Is it that I am concerned about something? Is someone else concerned about something? It’s such a huge concern! I guess I am concerned about all the concerns about me and all those who are concerned about me! Why can’t people just stop caring and being concerned! It’s so much to handle, especially for someone who has little concern about oneself! I’m suffocated by all the care and compassion! Almost making me feel like I am dying in some time now!
Can people fake concern? I know quite a lot who can fake almost anything. So maybe this is also possible. But honestly, I don’t think it’s faking. And that adds to my concern! Yesterday when I wrote about people poking nose into others’ business, I had some specific people in mind. And today when I talk about care and concern, it’s more or less the same set of people in my mind! Maybe I am so disturbed about it that I want to shoo people away! Or maybe, I think it’s pointless to lament about things you have no control of! Or maybe, it’s just that the concern suddenly makes me insecure! When did I start confessing about my insecurities!
That evening when I was getting out of office on my two wheeler, he insisted I turn the headlights on.

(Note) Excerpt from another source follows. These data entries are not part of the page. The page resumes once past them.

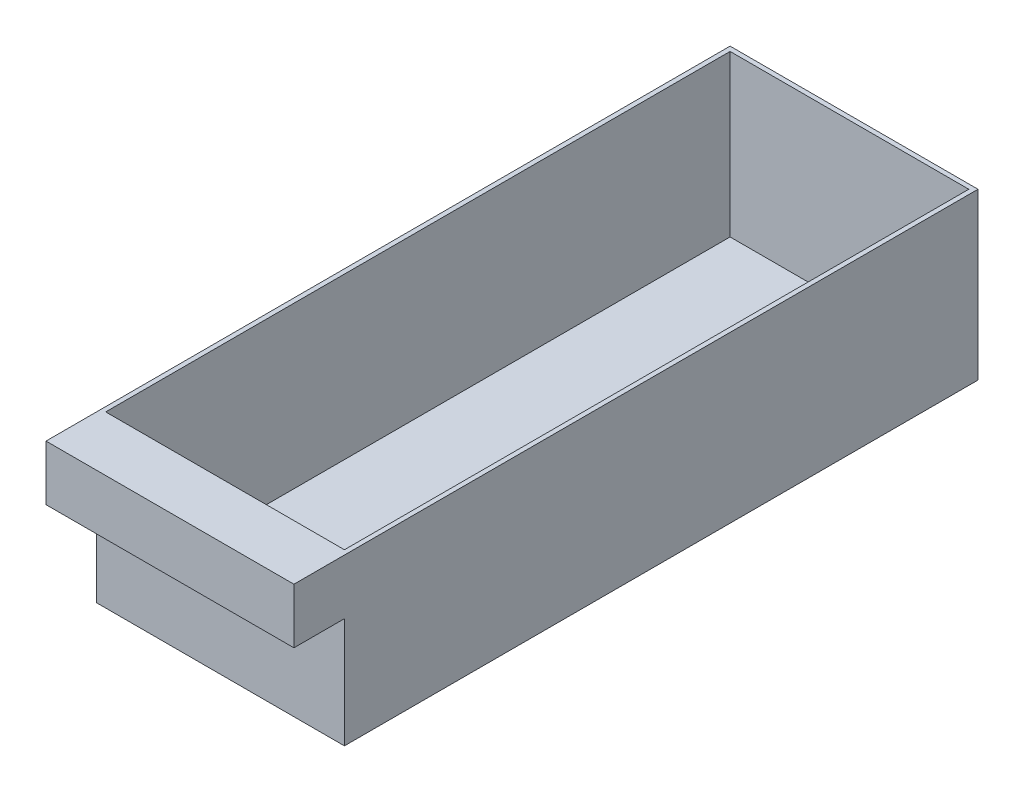
ISO-10303-21;
HEADER;
FILE_DESCRIPTION(('STEP AP214'),'2;1');
FILE_NAME('part.step','',(''),(''),'','','');
FILE_SCHEMA(('AUTOMOTIVE_DESIGN { 1 0 10303 214 1 1 1 1 }'));
ENDSEC;
DATA;
#1=APPLICATION_CONTEXT('core data for automotive mechanical design processes');
#2=APPLICATION_PROTOCOL_DEFINITION('international standard','automotive_design',2000,#1);
#3=PRODUCT_CONTEXT('',#1,'mechanical');
#4=PRODUCT('Part','Part','',(#3));
#5=PRODUCT_RELATED_PRODUCT_CATEGORY('part','',(#4));
#6=PRODUCT_DEFINITION_FORMATION('','',#4);
#7=PRODUCT_DEFINITION_CONTEXT('part definition',#1,'design');
#8=PRODUCT_DEFINITION('design','',#6,#7);
#9=PRODUCT_DEFINITION_SHAPE('','',#8);
#10=(LENGTH_UNIT() NAMED_UNIT(*) SI_UNIT(.MILLI.,.METRE.));
#11=(NAMED_UNIT(*) PLANE_ANGLE_UNIT() SI_UNIT($,.RADIAN.));
#12=(NAMED_UNIT(*) SI_UNIT($,.STERADIAN.) SOLID_ANGLE_UNIT());
#13=UNCERTAINTY_MEASURE_WITH_UNIT(LENGTH_MEASURE(1.E-05),#10,'distance_accuracy_value','');
#14=(GEOMETRIC_REPRESENTATION_CONTEXT(3) GLOBAL_UNCERTAINTY_ASSIGNED_CONTEXT((#13)) GLOBAL_UNIT_ASSIGNED_CONTEXT((#10,
#11,#12)) REPRESENTATION_CONTEXT('',''));
#15=CARTESIAN_POINT('',(0.,0.,0.));
#16=DIRECTION('',(0.,0.,1.));
#17=DIRECTION('',(1.,0.,0.));
#18=AXIS2_PLACEMENT_3D('',#15,#16,#17);
#19=CARTESIAN_POINT('',(-27.,36.,69.));
#20=DIRECTION('',(0.,0.,-1.));
#21=DIRECTION('',(-1.,0.,0.));
#22=AXIS2_PLACEMENT_3D('',#19,#20,#21);
#23=PLANE('',#22);
#24=DIRECTION('',(1.,0.,0.));
#25=VECTOR('',#24,1.);
#26=CARTESIAN_POINT('',(-27.,24.,69.));
#27=LINE('',#26,#25);
#28=CARTESIAN_POINT('',(-27.,24.,69.));
#29=VERTEX_POINT('',#28);
#30=CARTESIAN_POINT('',(-26.,24.,69.));
#31=VERTEX_POINT('',#30);
#32=EDGE_CURVE('E63',#29,#31,#27,.T.);
#33=ORIENTED_EDGE('',*,*,#32,.F.);
#34=DIRECTION('',(0.,-1.,0.));
#35=VECTOR('',#34,1.);
#36=CARTESIAN_POINT('',(-27.,36.,69.));
#37=LINE('',#36,#35);
#38=CARTESIAN_POINT('',(-27.,0.,69.));
#39=VERTEX_POINT('',#38);
#40=EDGE_CURVE('E229',#29,#39,#37,.T.);
#41=ORIENTED_EDGE('',*,*,#40,.T.);
#42=DIRECTION('',(1.,0.,0.));
#43=VECTOR('',#42,1.);
#44=CARTESIAN_POINT('',(-27.,0.,69.));
#45=LINE('',#44,#43);
#46=CARTESIAN_POINT('',(27.,0.,69.));
#47=VERTEX_POINT('',#46);
#48=EDGE_CURVE('E216',#39,#47,#45,.T.);
#49=ORIENTED_EDGE('',*,*,#48,.T.);
#50=DIRECTION('',(0.,-1.,0.));
#51=VECTOR('',#50,1.);
#52=CARTESIAN_POINT('',(27.,36.,69.));
#53=LINE('',#52,#51);
#54=CARTESIAN_POINT('',(27.,24.,69.));
#55=VERTEX_POINT('',#54);
#56=EDGE_CURVE('E165',#55,#47,#53,.T.);
#57=ORIENTED_EDGE('',*,*,#56,.F.);
#58=CARTESIAN_POINT('',(26.,24.,69.));
#59=VERTEX_POINT('',#58);
#60=EDGE_CURVE('E159',#59,#55,#27,.T.);
#61=ORIENTED_EDGE('',*,*,#60,.F.);
#62=DIRECTION('',(0.,-1.,0.));
#63=VECTOR('',#62,1.);
#64=CARTESIAN_POINT('',(26.,88.9528091794949,69.));
#65=LINE('',#64,#63);
#66=CARTESIAN_POINT('',(26.,35.,69.));
#67=VERTEX_POINT('',#66);
#68=EDGE_CURVE('E143',#67,#59,#65,.T.);
#69=ORIENTED_EDGE('',*,*,#68,.F.);
#70=DIRECTION('',(-1.,0.,0.));
#71=VECTOR('',#70,1.);
#72=CARTESIAN_POINT('',(-26.,35.,69.));
#73=LINE('',#72,#71);
#74=CARTESIAN_POINT('',(-26.,35.,69.));
#75=VERTEX_POINT('',#74);
#76=EDGE_CURVE('E167',#67,#75,#73,.T.);
#77=ORIENTED_EDGE('',*,*,#76,.T.);
#78=DIRECTION('',(0.,-1.,0.));
#79=VECTOR('',#78,1.);
#80=CARTESIAN_POINT('',(-26.,88.9528091794949,69.));
#81=LINE('',#80,#79);
#82=EDGE_CURVE('E154',#75,#31,#81,.T.);
#83=ORIENTED_EDGE('',*,*,#82,.T.);
#84=EDGE_LOOP('',(#33,#41,#49,#57,#61,#69,#77,#83));
#85=FACE_BOUND('',#84,.T.);
#86=ADVANCED_FACE('F41',(#85),#23,.F.);
#87=CARTESIAN_POINT('',(0.,36.,0.));
#88=DIRECTION('',(0.,-1.,0.));
#89=DIRECTION('',(0.,0.,-1.));
#90=AXIS2_PLACEMENT_3D('',#87,#88,#89);
#91=PLANE('',#90);
#92=DIRECTION('',(0.,0.,-1.));
#93=VECTOR('',#92,1.);
#94=CARTESIAN_POINT('',(27.,36.,69.));
#95=LINE('',#94,#93);
#96=CARTESIAN_POINT('',(27.,36.,80.));
#97=VERTEX_POINT('',#96);
#98=CARTESIAN_POINT('',(27.,36.,-69.));
#99=VERTEX_POINT('',#98);
#100=EDGE_CURVE('E212',#97,#99,#95,.T.);
#101=ORIENTED_EDGE('',*,*,#100,.T.);
#102=DIRECTION('',(-1.,0.,0.));
#103=VECTOR('',#102,1.);
#104=CARTESIAN_POINT('',(-27.,36.,-69.));
#105=LINE('',#104,#103);
#106=CARTESIAN_POINT('',(-27.,36.,-69.));
#107=VERTEX_POINT('',#106);
#108=EDGE_CURVE('E215',#99,#107,#105,.T.);
#109=ORIENTED_EDGE('',*,*,#108,.T.);
#110=DIRECTION('',(0.,0.,1.));
#111=VECTOR('',#110,1.);
#112=CARTESIAN_POINT('',(-27.,36.,69.));
#113=LINE('',#112,#111);
#114=CARTESIAN_POINT('',(-27.,36.,80.));
#115=VERTEX_POINT('',#114);
#116=EDGE_CURVE('E218',#107,#115,#113,.T.);
#117=ORIENTED_EDGE('',*,*,#116,.T.);
#118=DIRECTION('',(-1.,0.,0.));
#119=VECTOR('',#118,1.);
#120=CARTESIAN_POINT('',(-27.,36.,80.));
#121=LINE('',#120,#119);
#122=EDGE_CURVE('E174',#97,#115,#121,.T.);
#123=ORIENTED_EDGE('',*,*,#122,.F.);
#124=EDGE_LOOP('',(#101,#109,#117,#123));
#125=FACE_BOUND('',#124,.T.);
#126=DIRECTION('',(0.,0.,-1.));
#127=VECTOR('',#126,1.);
#128=CARTESIAN_POINT('',(26.,36.,0.));
#129=LINE('',#128,#127);
#130=CARTESIAN_POINT('',(26.,36.,68.));
#131=VERTEX_POINT('',#130);
#132=CARTESIAN_POINT('',(26.,36.,-68.));
#133=VERTEX_POINT('',#132);
#134=EDGE_CURVE('E204',#131,#133,#129,.T.);
#135=ORIENTED_EDGE('',*,*,#134,.F.);
#136=DIRECTION('',(1.,0.,0.));
#137=VECTOR('',#136,1.);
#138=CARTESIAN_POINT('',(0.,36.,68.));
#139=LINE('',#138,#137);
#140=CARTESIAN_POINT('',(-26.,36.,68.));
#141=VERTEX_POINT('',#140);
#142=EDGE_CURVE('E194',#141,#131,#139,.T.);
#143=ORIENTED_EDGE('',*,*,#142,.F.);
#144=DIRECTION('',(0.,0.,1.));
#145=VECTOR('',#144,1.);
#146=CARTESIAN_POINT('',(-26.,36.,0.));
#147=LINE('',#146,#145);
#148=CARTESIAN_POINT('',(-26.,36.,-68.));
#149=VERTEX_POINT('',#148);
#150=EDGE_CURVE('E208',#149,#141,#147,.T.);
#151=ORIENTED_EDGE('',*,*,#150,.F.);
#152=DIRECTION('',(-1.,0.,0.));
#153=VECTOR('',#152,1.);
#154=CARTESIAN_POINT('',(0.,36.,-68.));
#155=LINE('',#154,#153);
#156=EDGE_CURVE('E206',#133,#149,#155,.T.);
#157=ORIENTED_EDGE('',*,*,#156,.F.);
#158=EDGE_LOOP('',(#135,#143,#151,#157));
#159=FACE_BOUND('',#158,.T.);
#160=ADVANCED_FACE('F257',(#125,#159),#91,.F.);
#161=CARTESIAN_POINT('',(27.,36.,69.));
#162=DIRECTION('',(-1.,0.,0.));
#163=DIRECTION('',(0.,0.,1.));
#164=AXIS2_PLACEMENT_3D('',#161,#162,#163);
#165=PLANE('',#164);
#166=DIRECTION('',(0.,0.,-1.));
#167=VECTOR('',#166,1.);
#168=CARTESIAN_POINT('',(27.,0.,69.));
#169=LINE('',#168,#167);
#170=CARTESIAN_POINT('',(27.,0.,-69.));
#171=VERTEX_POINT('',#170);
#172=EDGE_CURVE('E188',#47,#171,#169,.T.);
#173=ORIENTED_EDGE('',*,*,#172,.T.);
#174=DIRECTION('',(0.,-1.,0.));
#175=VECTOR('',#174,1.);
#176=CARTESIAN_POINT('',(27.,36.,-69.));
#177=LINE('',#176,#175);
#178=EDGE_CURVE('E12',#99,#171,#177,.T.);
#179=ORIENTED_EDGE('',*,*,#178,.F.);
#180=ORIENTED_EDGE('',*,*,#100,.F.);
#181=DIRECTION('',(0.,1.,0.));
#182=VECTOR('',#181,1.);
#183=CARTESIAN_POINT('',(27.,36.,80.));
#184=LINE('',#183,#182);
#185=CARTESIAN_POINT('',(27.,24.,80.));
#186=VERTEX_POINT('',#185);
#187=EDGE_CURVE('E248',#186,#97,#184,.T.);
#188=ORIENTED_EDGE('',*,*,#187,.F.);
#189=DIRECTION('',(0.,0.,-1.));
#190=VECTOR('',#189,1.);
#191=CARTESIAN_POINT('',(27.,24.,80.));
#192=LINE('',#191,#190);
#193=EDGE_CURVE('E176',#186,#55,#192,.T.);
#194=ORIENTED_EDGE('',*,*,#193,.T.);
#195=ORIENTED_EDGE('',*,*,#56,.T.);
#196=EDGE_LOOP('',(#173,#179,#180,#188,#194,#195));
#197=FACE_BOUND('',#196,.T.);
#198=ADVANCED_FACE('F43',(#197),#165,.F.);
#199=CARTESIAN_POINT('',(-27.,36.,-69.));
#200=DIRECTION('',(0.,0.,1.));
#201=DIRECTION('',(1.,0.,0.));
#202=AXIS2_PLACEMENT_3D('',#199,#200,#201);
#203=PLANE('',#202);
#204=DIRECTION('',(-1.,0.,0.));
#205=VECTOR('',#204,1.);
#206=CARTESIAN_POINT('',(-27.,0.,-69.));
#207=LINE('',#206,#205);
#208=CARTESIAN_POINT('',(-27.,0.,-69.));
#209=VERTEX_POINT('',#208);
#210=EDGE_CURVE('E222',#171,#209,#207,.T.);
#211=ORIENTED_EDGE('',*,*,#210,.T.);
#212=DIRECTION('',(0.,-1.,0.));
#213=VECTOR('',#212,1.);
#214=CARTESIAN_POINT('',(-27.,36.,-69.));
#215=LINE('',#214,#213);
#216=EDGE_CURVE('E49',#107,#209,#215,.T.);
#217=ORIENTED_EDGE('',*,*,#216,.F.);
#218=ORIENTED_EDGE('',*,*,#108,.F.);
#219=ORIENTED_EDGE('',*,*,#178,.T.);
#220=EDGE_LOOP('',(#211,#217,#218,#219));
#221=FACE_BOUND('',#220,.T.);
#222=ADVANCED_FACE('F260',(#221),#203,.F.);
#223=CARTESIAN_POINT('',(-27.,36.,69.));
#224=DIRECTION('',(1.,0.,0.));
#225=DIRECTION('',(0.,0.,-1.));
#226=AXIS2_PLACEMENT_3D('',#223,#224,#225);
#227=PLANE('',#226);
#228=DIRECTION('',(0.,0.,1.));
#229=VECTOR('',#228,1.);
#230=CARTESIAN_POINT('',(-27.,0.,69.));
#231=LINE('',#230,#229);
#232=EDGE_CURVE('E224',#209,#39,#231,.T.);
#233=ORIENTED_EDGE('',*,*,#232,.T.);
#234=ORIENTED_EDGE('',*,*,#40,.F.);
#235=DIRECTION('',(0.,0.,-1.));
#236=VECTOR('',#235,1.);
#237=CARTESIAN_POINT('',(-27.,24.,80.));
#238=LINE('',#237,#236);
#239=CARTESIAN_POINT('',(-27.,24.,80.));
#240=VERTEX_POINT('',#239);
#241=EDGE_CURVE('E178',#240,#29,#238,.T.);
#242=ORIENTED_EDGE('',*,*,#241,.F.);
#243=DIRECTION('',(0.,-1.,0.));
#244=VECTOR('',#243,1.);
#245=CARTESIAN_POINT('',(-27.,36.,80.));
#246=LINE('',#245,#244);
#247=EDGE_CURVE('E169',#115,#240,#246,.T.);
#248=ORIENTED_EDGE('',*,*,#247,.F.);
#249=ORIENTED_EDGE('',*,*,#116,.F.);
#250=ORIENTED_EDGE('',*,*,#216,.T.);
#251=EDGE_LOOP('',(#233,#234,#242,#248,#249,#250));
#252=FACE_BOUND('',#251,.T.);
#253=ADVANCED_FACE('F235',(#252),#227,.F.);
#254=CARTESIAN_POINT('',(0.,0.,0.));
#255=DIRECTION('',(0.,-1.,0.));
#256=DIRECTION('',(0.,0.,-1.));
#257=AXIS2_PLACEMENT_3D('',#254,#255,#256);
#258=PLANE('',#257);
#259=ORIENTED_EDGE('',*,*,#172,.F.);
#260=ORIENTED_EDGE('',*,*,#48,.F.);
#261=ORIENTED_EDGE('',*,*,#232,.F.);
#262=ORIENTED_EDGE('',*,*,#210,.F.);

It was not dark yet, but he insisted, as I might not notice it on the way. Who was he? A security guard, paid by the company, definitely NOT for ensuring if I turn my lights on or off! Why did he care to say that then? I don’t remember seeing him before that or after that. Why didn’t he be there this evening also! Why couldn’t have he been concerned about my headlights again! This is probably why I like to shoo people away from care and concerns. It’s pretty much addictive! You get so obsessed that you can’t live devoid of it! Callousness is the concern!